** What to do **
Restate verbatim the span of lines below between the line with "#81=ORIENTED_EDGE('',*,*,#80,.T.);" and the line with "#103=PLANE('',#102);", including those two lines, and only that span.

** Data records **
_ _ _
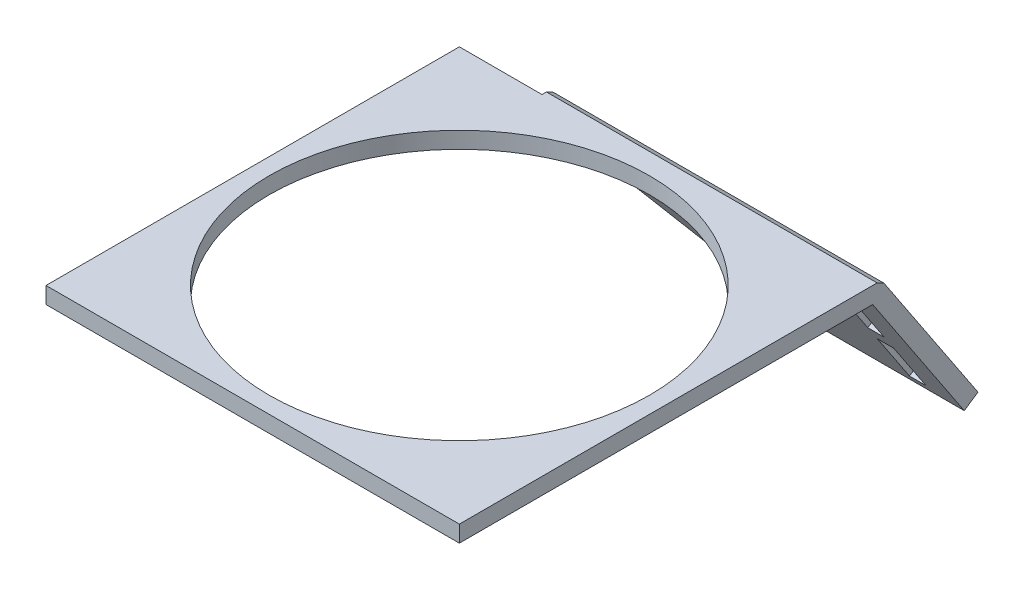
ISO-10303-21;
HEADER;
FILE_DESCRIPTION(('STEP AP214'),'2;1');
FILE_NAME('part.step','',(''),(''),'','','');
FILE_SCHEMA(('AUTOMOTIVE_DESIGN { 1 0 10303 214 1 1 1 1 }'));
ENDSEC;
DATA;
#1=APPLICATION_CONTEXT('core data for automotive mechanical design processes');
#2=APPLICATION_PROTOCOL_DEFINITION('international standard','automotive_design',2000,#1);
#3=PRODUCT_CONTEXT('',#1,'mechanical');
#4=PRODUCT('Part','Part','',(#3));
#5=PRODUCT_RELATED_PRODUCT_CATEGORY('part','',(#4));
#6=PRODUCT_DEFINITION_FORMATION('','',#4);
#7=PRODUCT_DEFINITION_CONTEXT('part definition',#1,'design');
#8=PRODUCT_DEFINITION('design','',#6,#7);
#9=PRODUCT_DEFINITION_SHAPE('','',#8);
#10=(LENGTH_UNIT() NAMED_UNIT(*) SI_UNIT(.MILLI.,.METRE.));
#11=(NAMED_UNIT(*) PLANE_ANGLE_UNIT() SI_UNIT($,.RADIAN.));
#12=(NAMED_UNIT(*) SI_UNIT($,.STERADIAN.) SOLID_ANGLE_UNIT());
#13=UNCERTAINTY_MEASURE_WITH_UNIT(LENGTH_MEASURE(1.E-05),#10,'distance_accuracy_value','');
#14=(GEOMETRIC_REPRESENTATION_CONTEXT(3) GLOBAL_UNCERTAINTY_ASSIGNED_CONTEXT((#13)) GLOBAL_UNIT_ASSIGNED_CONTEXT((#10,
#11,#12)) REPRESENTATION_CONTEXT('',''));
#15=CARTESIAN_POINT('',(0.,0.,0.));
#16=DIRECTION('',(0.,0.,1.));
#17=DIRECTION('',(1.,0.,0.));
#18=AXIS2_PLACEMENT_3D('',#15,#16,#17);
#19=CARTESIAN_POINT('',(-4.,6.43679601982153,-58.9330956874139));
#20=DIRECTION('',(1.,0.,0.));
#21=DIRECTION('',(0.,0.,-1.));
#22=AXIS2_PLACEMENT_3D('',#19,#20,#21);
#23=PLANE('',#22);
#24=DIRECTION('',(0.,0.832717125771484,0.553698644071735));
#25=VECTOR('',#24,1.);
#26=CARTESIAN_POINT('',(-4.,-15.7111497430479,-25.6244106565546));
#27=LINE('',#26,#25);
#28=CARTESIAN_POINT('',(-4.,-15.7111497430479,-25.6244106565546));
#29=VERTEX_POINT('',#28);
#30=CARTESIAN_POINT('',(-4.,-9.84190902614033,-21.7217761050296));
#31=VERTEX_POINT('',#30);
#32=EDGE_CURVE('E56',#29,#31,#27,.T.);
#33=ORIENTED_EDGE('',*,*,#32,.T.);
#34=DIRECTION('',(0.,0.553698644071735,-0.832717125771485));
#35=VECTOR('',#34,1.);
#36=CARTESIAN_POINT('',(-4.,12.3060367367291,-55.030461135889));
#37=LINE('',#36,#35);
#38=CARTESIAN_POINT('',(-4.,-8.73451173799686,-23.3872103565726));
#39=VERTEX_POINT('',#38);
#40=EDGE_CURVE('E255',#31,#39,#37,.T.);
#41=ORIENTED_EDGE('',*,*,#40,.T.);
#42=DIRECTION('',(0.,-0.832717125771484,-0.553698644071735));
#43=VECTOR('',#42,1.);
#44=CARTESIAN_POINT('',(-4.,-8.73451173799686,-23.3872103565726));
#45=LINE('',#44,#43);
#46=CARTESIAN_POINT('',(-4.,-14.6037524549044,-27.2898449080975));
#47=VERTEX_POINT('',#46);
#48=EDGE_CURVE('E212',#39,#47,#45,.T.);
#49=ORIENTED_EDGE('',*,*,#48,.T.);
#50=DIRECTION('',(0.,-0.553698644071735,0.832717125771484));
#51=VECTOR('',#50,1.);
#52=CARTESIAN_POINT('',(-4.,6.43679601982153,-58.9330956874139));
#53=LINE('',#52,#51);
#54=EDGE_CURVE('E269',#47,#29,#53,.T.);
#55=ORIENTED_EDGE('',*,*,#54,.T.);
#56=EDGE_LOOP('',(#33,#41,#49,#55));
#57=FACE_BOUND('',#56,.T.);
#58=ADVANCED_FACE('F33',(#57),#23,.F.);
#59=CARTESIAN_POINT('',(-6.,6.43679601982153,-58.9330956874139));
#60=DIRECTION('',(-1.,0.,0.));
#61=DIRECTION('',(0.,0.,1.));
#62=AXIS2_PLACEMENT_3D('',#59,#60,#61);
#63=PLANE('',#62);
#64=DIRECTION('',(0.,-0.553698644071735,0.832717125771484));
#65=VECTOR('',#64,1.);
#66=CARTESIAN_POINT('',(-6.,6.43679601982153,-58.9330956874139));
#67=LINE('',#66,#65);
#68=CARTESIAN_POINT('',(-6.00000000000001,-14.6037524549044,-27.2898449080975));
#69=VERTEX_POINT('',#68);
#70=CARTESIAN_POINT('',(-6.,-15.7111497430479,-25.6244106565546));
#71=VERTEX_POINT('',#70);
#72=EDGE_CURVE('E272',#69,#71,#67,.T.);
#73=ORIENTED_EDGE('',*,*,#72,.F.);
#74=DIRECTION('',(0.,0.832717125771484,0.553698644071735));
#75=VECTOR('',#74,1.);
#76=CARTESIAN_POINT('',(-6.00000000000001,-8.73451173799686,-23.3872103565726));
#77=LINE('',#76,#75);
#78=CARTESIAN_POINT('',(-6.00000000000001,-8.73451173799686,-23.3872103565726));
#79=VERTEX_POINT('',#78);
#80=EDGE_CURVE('E205',#69,#79,#77,.T.);
#81=ORIENTED_EDGE('',*,*,#80,.T.);
#82=DIRECTION('',(0.,-0.553698644071735,0.832717125771485));
#83=VECTOR('',#82,1.);
#84=CARTESIAN_POINT('',(-6.,12.3060367367291,-55.030461135889));
#85=LINE('',#84,#83);
#86=CARTESIAN_POINT('',(-6.,-9.84190902614033,-21.7217761050296));
#87=VERTEX_POINT('',#86);
#88=EDGE_CURVE('E11',#79,#87,#85,.T.);
#89=ORIENTED_EDGE('',*,*,#88,.T.);
#90=DIRECTION('',(0.,-0.832717125771484,-0.553698644071735));
#91=VECTOR('',#90,1.);
#92=CARTESIAN_POINT('',(-6.,-15.7111497430479,-25.6244106565546));
#93=LINE('',#92,#91);
#94=EDGE_CURVE('E262',#87,#71,#93,.T.);
#95=ORIENTED_EDGE('',*,*,#94,.T.);
#96=EDGE_LOOP('',(#73,#81,#89,#95));
#97=FACE_BOUND('',#96,.T.);
#98=ADVANCED_FACE('F331',(#97),#63,.F.);
#99=CARTESIAN_POINT('',(0.,0.,0.));
#100=DIRECTION('',(0.,1.,0.));
#101=DIRECTION('',(0.,0.,1.));
#102=AXIS2_PLACEMENT_3D('',#99,#100,#101);
#103=PLANE('',#102);
#104=CARTESIAN_POINT('',(-25.,0.,9.82240500305377));
#105=DIRECTION('',(0.,-1.,0.));
#106=DIRECTION('',(0.,0.,-1.));
#107=AXIS2_PLACEMENT_3D('',#104,#105,#106);
#108=CIRCLE('',#107,23.);
#109=CARTESIAN_POINT('',(-25.,0.,-13.1775949969462));
#110=VERTEX_POINT('',#109);
#111=EDGE_CURVE('E189',#110,#110,#108,.T.);
#112=ORIENTED_EDGE('',*,*,#111,.F.);
#113=EDGE_LOOP('',(#112));
#114=FACE_BOUND('',#113,.T.);
#115=DIRECTION('',(1.,0.,0.));
#116=VECTOR('',#115,1.);
#117=CARTESIAN_POINT('',(0.,0.,-15.1775949969462));
#118=LINE('',#117,#116);
#119=CARTESIAN_POINT('',(-50.,0.,-15.1775949969462));
#120=VERTEX_POINT('',#119);
#121=CARTESIAN_POINT('',(-40.,0.,-15.1775949969462));
#122=VERTEX_POINT('',#121);
#123=EDGE_CURVE('E182',#120,#122,#118,.T.);
#124=ORIENTED_EDGE('',*,*,#123,.T.);
#125=DIRECTION('',(-1.,0.,0.));
#126=VECTOR('',#125,1.);
#127=CARTESIAN_POINT('',(-40.,0.,-15.1775949969462));
#128=LINE('',#127,#126);
#129=CARTESIAN_POINT('',(0.,0.,-15.1775949969462));
#130=VERTEX_POINT('',#129);
#131=EDGE_CURVE('E293',#130,#122,#128,.T.);
#132=ORIENTED_EDGE('',*,*,#131,.F.);
#133=DIRECTION('',(0.,0.,-1.));
#134=VECTOR('',#133,1.);
#135=CARTESIAN_POINT('',(0.,0.,-15.1775949969462));
#136=LINE('',#135,#134);
#137=CARTESIAN_POINT('',(0.,0.,34.8224050030538));
#138=VERTEX_POINT('',#137);
#139=EDGE_CURVE('E291',#138,#130,#136,.T.);
#140=ORIENTED_EDGE('',*,*,#139,.F.);
#141=DIRECTION('',(-1.,0.,0.));
#142=VECTOR('',#141,1.);
#143=CARTESIAN_POINT('',(0.,0.,34.8224050030538));
#144=LINE('',#143,#142);
#145=CARTESIAN_POINT('',(-50.,0.,34.8224050030538));
#146=VERTEX_POINT('',#145);
#147=EDGE_CURVE('E173',#138,#146,#144,.T.);
#148=ORIENTED_EDGE('',*,*,#147,.T.);
#149=DIRECTION('',(0.,0.,-1.));
#150=VECTOR('',#149,1.);
#151=CARTESIAN_POINT('',(-50.,0.,-15.1775949969462));
#152=LINE('',#151,#150);
#153=EDGE_CURVE('E186',#146,#120,#152,.T.);
#154=ORIENTED_EDGE('',*,*,#153,.T.);
#155=EDGE_LOOP('',(#124,#132,#140,#148,#154));
#156=FACE_BOUND('',#155,.T.);
#157=ADVANCED_FACE('F336',(#114,#156),#103,.F.);
#158=CARTESIAN_POINT('',(-40.,1.,-15.1775949969462));
#159=DIRECTION('',(1.,0.,0.));
#160=DIRECTION('',(0.,0.,-1.));
#161=AXIS2_PLACEMENT_3D('',#158,#159,#160);
#162=PLANE('',#161);
#163=DIRECTION('',(0.,-0.553698644071735,0.832717125771484));
#164=VECTOR('',#163,1.);
#165=CARTESIAN_POINT('',(-40.,22.1479457628694,-48.4862800278056));
#166=LINE('',#165,#164);
#167=CARTESIAN_POINT('',(-40.,1.10739728814347,-16.8430292484892));
#168=VERTEX_POINT('',#167);
#169=EDGE_CURVE('E281',#168,#122,#166,.T.);
#170=ORIENTED_EDGE('',*,*,#169,.T.);
#171=DIRECTION('',(0.,1.,0.));
#172=VECTOR('',#171,1.);
#173=CARTESIAN_POINT('',(-40.,1.,-15.1775949969462));
#174=LINE('',#173,#172);
#175=CARTESIAN_POINT('',(-40.,2.,-15.1775949969462));
#176=VERTEX_POINT('',#175);
#177=EDGE_CURVE('E48',#122,#176,#174,.T.);
#178=ORIENTED_EDGE('',*,*,#177,.T.);
#179=DIRECTION('',(0.,0.,1.));
#180=VECTOR('',#179,1.);
#181=CARTESIAN_POINT('',(-40.,2.,24.8224050030538));
#182=LINE('',#181,#180);
#183=CARTESIAN_POINT('',(-40.,2.,-15.7135529376632));
#184=VERTEX_POINT('',#183);
#185=EDGE_CURVE('E166',#184,#176,#182,.T.);
#186=ORIENTED_EDGE('',*,*,#185,.F.);
#187=DIRECTION('',(0.,-0.472388270349854,-0.88139056157635));
#188=VECTOR('',#187,1.);
#189=CARTESIAN_POINT('',(-40.,2.,-15.7135529376632));
#190=LINE('',#189,#188);
#191=CARTESIAN_POINT('',(-40.,1.55369864407173,-16.5462700634347));
#192=VERTEX_POINT('',#191);
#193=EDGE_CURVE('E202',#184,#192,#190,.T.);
_ _ _
** Written response **
#81=ORIENTED_EDGE('',*,*,#80,.T.);
#82=DIRECTION('',(0.,-0.553698644071735,0.832717125771485));
#83=VECTOR('',#82,1.);
#84=CARTESIAN_POINT('',(-6.,12.3060367367291,-55.030461135889));
#85=LINE('',#84,#83);
#86=CARTESIAN_POINT('',(-6.,-9.84190902614033,-21.7217761050296));
#87=VERTEX_POINT('',#86);
#88=EDGE_CURVE('E11',#79,#87,#85,.T.);
#89=ORIENTED_EDGE('',*,*,#88,.T.);
#90=DIRECTION('',(0.,-0.832717125771484,-0.553698644071735));
#91=VECTOR('',#90,1.);
#92=CARTESIAN_POINT('',(-6.,-15.7111497430479,-25.6244106565546));
#93=LINE('',#92,#91);
#94=EDGE_CURVE('E262',#87,#71,#93,.T.);
#95=ORIENTED_EDGE('',*,*,#94,.T.);
#96=EDGE_LOOP('',(#73,#81,#89,#95));
#97=FACE_BOUND('',#96,.T.);
#98=ADVANCED_FACE('F331',(#97),#63,.F.);
#99=CARTESIAN_POINT('',(0.,0.,0.));
#100=DIRECTION('',(0.,1.,0.));
#101=DIRECTION('',(0.,0.,1.));
#102=AXIS2_PLACEMENT_3D('',#99,#100,#101);
#103=PLANE('',#102);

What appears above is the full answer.